There are actually quite a lot of people who camp in the desert here. Admittedly it's not my cup of tea but even I have been coerced into going camping. I love the being outdoors bit but not so much the sleeping in a tent and the lack of a flushing toilet. 

If you do go camping though, aside from all the good advice given above, be careful where you pitch your tent. It's difficult for joyriders to see you at night until it's too late so avoid pitching your tents near any sand dunes/ areas that are likely to be used as a 4x4 playground.


----------



## S.Bee (Mar 13, 2011)

thanks maz for the hint ill make sure of that just to let u know there is nothing better then using the desert as a big toilet  haha


----------



## S.Bee (Mar 13, 2011)

it was the first time for me to hear about seychelles looks like an amazing place from the website can you tell me more details about it if i want to go for a vacation 
cheers


----------



## Maz25 (Jul 6, 2008)

It would be unfair for me to hijack someone else's thread to talk about Seychelles. Once you've made 5 useful posts, you can avail the PM facility - send me a PM and I'll give you a link to the official tourism website.


----------



## mgb (Sep 6, 2008)

cjd said:


> We're coming out to AD shortly and both love to camp.
> Is it worth bringing our camping kit in our shipping container or should we buy in country. Any suggestions would be welcome.
> 
> Colin


We took some camping stuff - don't use the tent though, having one with a sleeping compartment and an flysheet/awning is not a very good idea here (beasties love to shelter in it!)
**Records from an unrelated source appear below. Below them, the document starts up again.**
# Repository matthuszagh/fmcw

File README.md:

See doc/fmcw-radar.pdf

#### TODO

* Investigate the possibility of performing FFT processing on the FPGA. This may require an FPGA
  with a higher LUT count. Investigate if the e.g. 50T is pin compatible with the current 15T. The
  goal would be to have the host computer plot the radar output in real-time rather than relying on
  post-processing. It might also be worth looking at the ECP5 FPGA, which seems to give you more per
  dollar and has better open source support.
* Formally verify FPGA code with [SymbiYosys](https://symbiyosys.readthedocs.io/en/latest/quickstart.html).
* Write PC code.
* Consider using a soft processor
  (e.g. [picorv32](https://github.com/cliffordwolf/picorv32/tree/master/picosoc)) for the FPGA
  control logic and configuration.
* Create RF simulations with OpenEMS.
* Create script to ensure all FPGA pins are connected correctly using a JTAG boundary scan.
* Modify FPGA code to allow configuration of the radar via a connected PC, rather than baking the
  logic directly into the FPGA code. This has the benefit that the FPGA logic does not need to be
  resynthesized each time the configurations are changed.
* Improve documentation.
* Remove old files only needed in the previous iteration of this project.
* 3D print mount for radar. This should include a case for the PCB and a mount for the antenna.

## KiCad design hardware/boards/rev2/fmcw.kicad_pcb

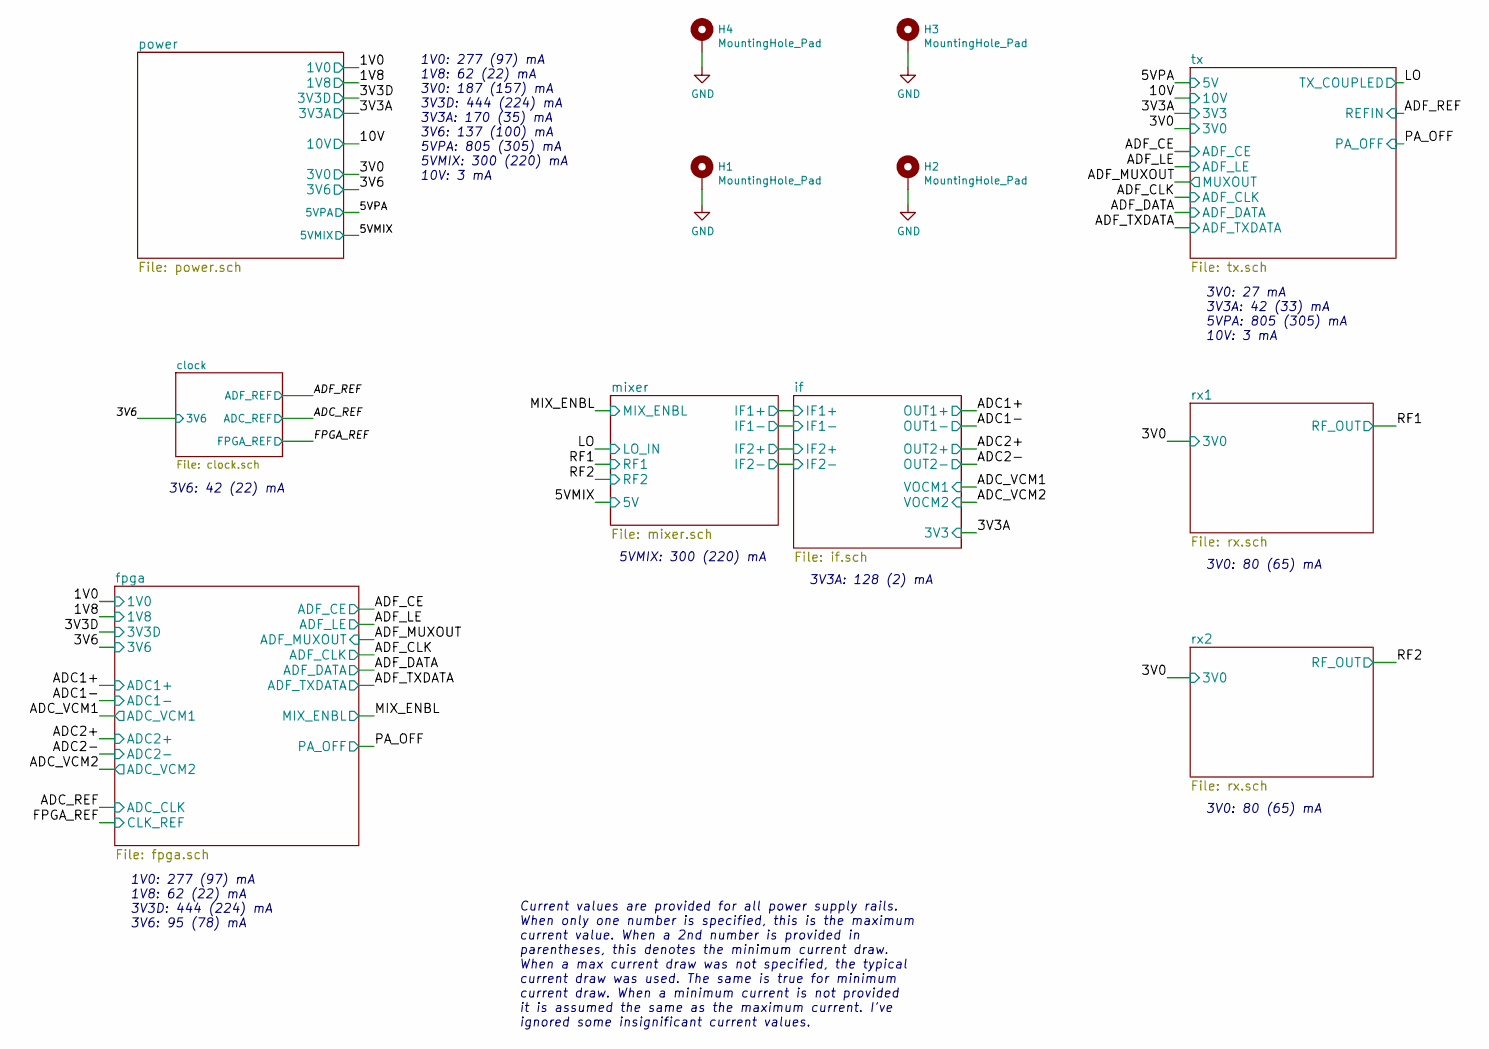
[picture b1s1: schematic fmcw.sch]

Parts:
H1, H2, H3, H4: MountingHole_Pad; MountingHole_3.2mm_M3_Pad_Via

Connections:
GND: H1.1, H2.1, H3.1, H4.1; also elsewhere on the board

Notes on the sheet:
1V0: 277 (97) mA 1V8: 62 (22) mA 3V3D: 444 (224) mA 3V6: 95 (78) mA
3V6: 42 (22) mA
1V0: 277 (97) mA 1V8: 62 (22) mA 3V0: 187 (157) mA 3V3D: 444 (224) mA 3V3A: 170 (35) mA 3V6: 137 (100) mA 5VPA: 805 (305) mA 5VMIX: 300 (220) mA 10V: 3 mA
Current values are provided for all power supply rails. When only one number is specified, this is the maximum current value. When a 2nd number is provided in parentheses, this denotes the minimum current draw. When a max current draw was not specified, the typical current draw was used. The same i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
5VMIX: 300 (220) mA
3V3A: 128 (2) mA
3V0: 27 mA 3V3A: 42 (33) mA 5VPA: 805 (305) mA 10V: 3 mA
3V0: 80 (65) mA

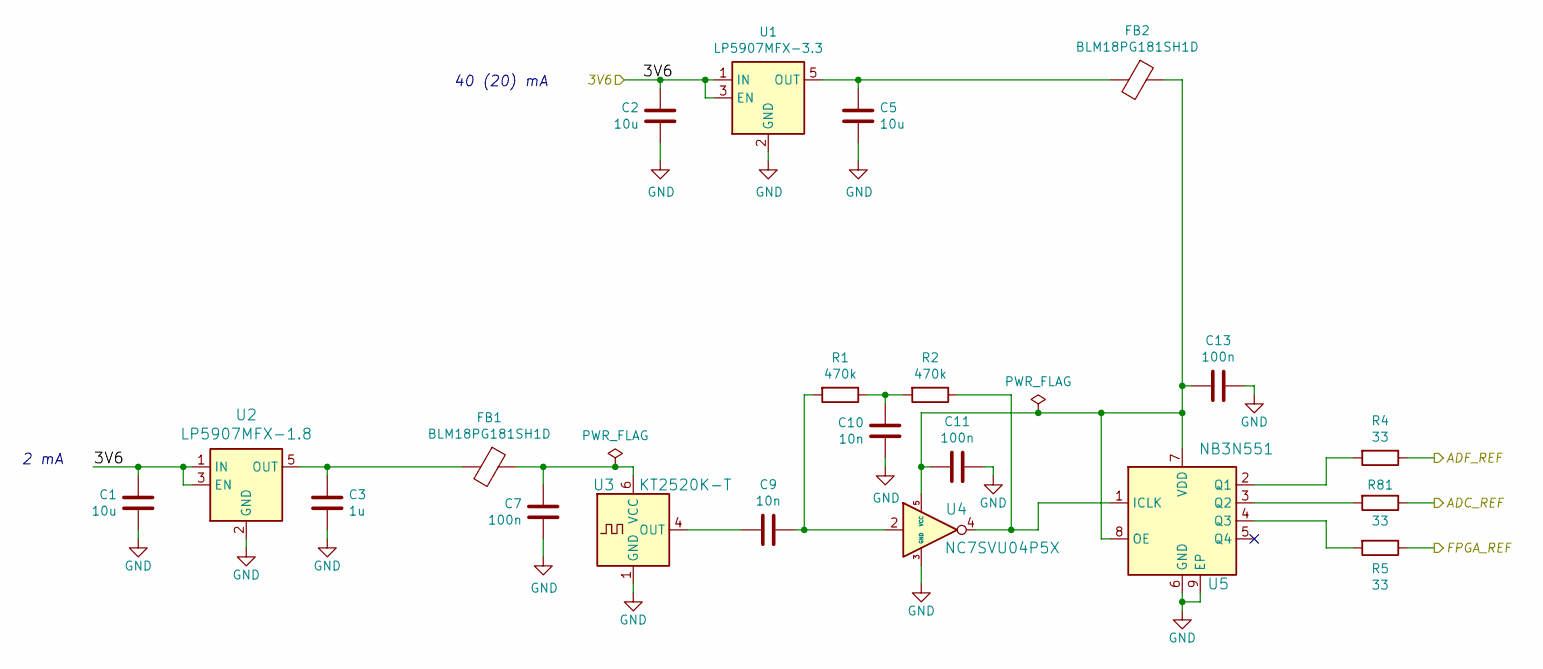
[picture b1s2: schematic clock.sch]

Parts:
C1, C2, C5: 10u; C_0805_2012Metric
C3: 1u; C_0805_2012Metric
C7, C11, C13: 100n; C_0402_1005Metric
C9, C10: 10n; C_0402_1005Metric
FB1, FB2: BLM18PG181SH1D; L_0603_1608Metric
R1, R2: 470k; R_0402_1005Metric
R4, R5, R81: 33; R_0402_1005Metric
U1: LP5907MFX-3.3; SOT-23-5
U2: LP5907MFX-1.8; SOT-23-5
U3: KT2520K-T; Oscillator_SMD_Kyocera_2520-6Pin_2.5x2.0mm
U4: NC7SVU04P5X; SOT-353_SC-70-5
U5: NB3N551; DFN-8-1EP_2x2mm_P0.5mm_EP0.9x1.3mm

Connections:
/3V6: C1.1, C2.1, U1.1 (IN), U1.3 (EN), U2.1 (IN), U2.3 (EN); also elsewhere on the board
/ADC_REF: R81.1; also elsewhere on the board
/ADF_REF: R4.1; also elsewhere on the board
/FPGA_REF: R5.1; also elsewhere on the board
GND: C1.2, C2.2, C3.2, C5.2, C7.1, C10.1, C11.1, C13.1, U1.2 (GND), U2.2 (GND), U3.1 (GND), U3.3 (GND), U4.3 (GND), U5.6 (GND), U5.9 (EP); also elsewhere on the board
unnamed: C3.1, FB1.2, U2.5 (OUT)
unnamed: C5.1, FB2.2, U1.5 (OUT)
unnamed: C7.2, FB1.1, U3.6 (VCC)
unnamed: C9.1, R1.2, U4.2
unnamed: C9.2, U3.4 (OUT)
unnamed: C10.2, R1.1, R2.2
unnamed: C11.2, C13.2, FB2.1, U4.5 (VCC), U5.7 (VDD), U5.8 (OE)
unnamed: R2.1, U4.4, U5.1 (ICLK)
unnamed: R4.2, U5.2 (Q1)
unnamed: R5.2, U5.4 (Q3)
unnamed: R81.2, U5.3 (Q2)

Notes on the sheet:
2 mA
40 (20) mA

Camping stuff is cheap out here, some of the local camping shops having amazing stuff too, and if you barter it's not too expensive either.

Don't put your tent near any bushes, foliage or holes.

If you want to join an offroading club for camping, there are quite a few, I'm a marshal for UAE Offroaders and as a club we have run about 6 camping trips over the winter. No camping mid-april to mid-october though!


----------



## S.Bee (Mar 13, 2011)

@Maz
great ill make sure to pm u as soon as i make my fifth comment thanks 

@Mgb
i just checked the group’s website, well right now i don’t have a 4x4 car as I’m new to Dubai i haven’t even made my license yet, but I’m planning to buy a wrangler any recommendations on the year i was thinking 2006


----------



## mgb (Sep 6, 2008)

S.Bee said:


> @Maz
> great ill make sure to pm u as soon as i make my fifth comment thanks
> 
> @Mgb
> i just checked the group’s website, well right now i don’t have a 4x4 car as I’m new to Dubai i haven’t even made my license yet, but I’m planning to buy a wrangler any recommendations on the year i was thinking 2006


Hi S.Bee
why not join the club - its FREE - and you can gain info there. 2005/2006 is a popular choice for the wrangler as that is the last year of the TJ. I don't like them though - don't give you much protection in the case of a highway accident, but they are great in the desert.


----------



## S.Bee (Mar 13, 2011)

i thought i needed a 4x4 car to join hehe. well im going for the wrangler cuz i dont have much of a budget.


----------



## desertdude (Nov 22, 2010)

I wouldn't touch a sheep with a 100mtr barge pole ! ewww


----------



## cjd (Feb 8, 2011)

Thanks mgb, useful info, I'll bear it in mind.
Just got to choose the right vehicle when we get out there.
Any strong recommendations?
It must be useable by herself during the week as a runabout.
I'm guessing not one of the breed of softroaders.


----------



## mgb (Sep 6, 2008)

cjd said:


> Thanks mgb, useful info, I'll bear it in mind.
> Just got to choose the right vehicle when we get out there.
> Any strong recommendations?
> It must be useable by herself during the week as a runabout.
> I'm guessing not one of the breed of softroaders.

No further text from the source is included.